The Subtle Racism of Low Expectations
During one of the more memorable The Simpsons episodes, Bart Simpson is placed in a Special Ed class due to his continuous slacking on schoolwork. Being the bright yet defiant young man he was written to be, he sarcastically states, “So, I supposed to catch up to the rest of my class by going slower than them?” This paradox is the crux of the digital divide and the racial achievement gap.
In Moonwalking with Einstein: The Art and Science of Remembering Everything, Joshua Foer coins the phrase “the Okay Plateau.” The Okay Plateau explains that what was once assumed as the limits of our natural ability is actually our human tendency to only improve until we think that we have improved enough to reach a comfortable level of success.
This being said, if the expectation of success is lower for poor inner-city children than their middle-class suburban neighbors, their Okay Plateau will be lower, thereby making them seem somehow intellectually inferior.
How do we fix this?
Anyone who has been in a competition of any sort already has the knowledge to exceed the Okay Plateau. The job of every coach/trainer is to slowly increase the difficulty of practice in order to produce higher performance levels from their players. Moreover, every athlete, martial artist and chess champion knows that when they compete against other great players, their skills improve beyond their own perceived limits. Simple isn’t it?

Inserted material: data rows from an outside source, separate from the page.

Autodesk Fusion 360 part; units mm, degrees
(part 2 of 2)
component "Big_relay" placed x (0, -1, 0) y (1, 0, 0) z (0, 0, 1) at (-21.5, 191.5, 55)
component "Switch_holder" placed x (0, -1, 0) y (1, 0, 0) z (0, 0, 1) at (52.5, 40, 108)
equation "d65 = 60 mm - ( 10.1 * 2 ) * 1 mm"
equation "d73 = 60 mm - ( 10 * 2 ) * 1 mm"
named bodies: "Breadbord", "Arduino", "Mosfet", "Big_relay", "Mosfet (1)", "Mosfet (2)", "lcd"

As mentioned in bestselling book Outliers: The Story of Success by Malcolm Gladwell, the exposure to quality training greatly influenced the success of our most revered “geniuses.” Mr. Gladwell gives example after example of how the current titans of industry became so by being exposed to more quality and consistent practice in their given field than the rest of us.
It may be easier to use race, gender or socioeconomic factors as indicators of success due to the pretty graphs these statistics often lend themselves to, but it is more likely that dedication, environment, and exposure to rigorous resources (like those found in a public library) are the keys to success and the ultimate cincher of achievement gaps.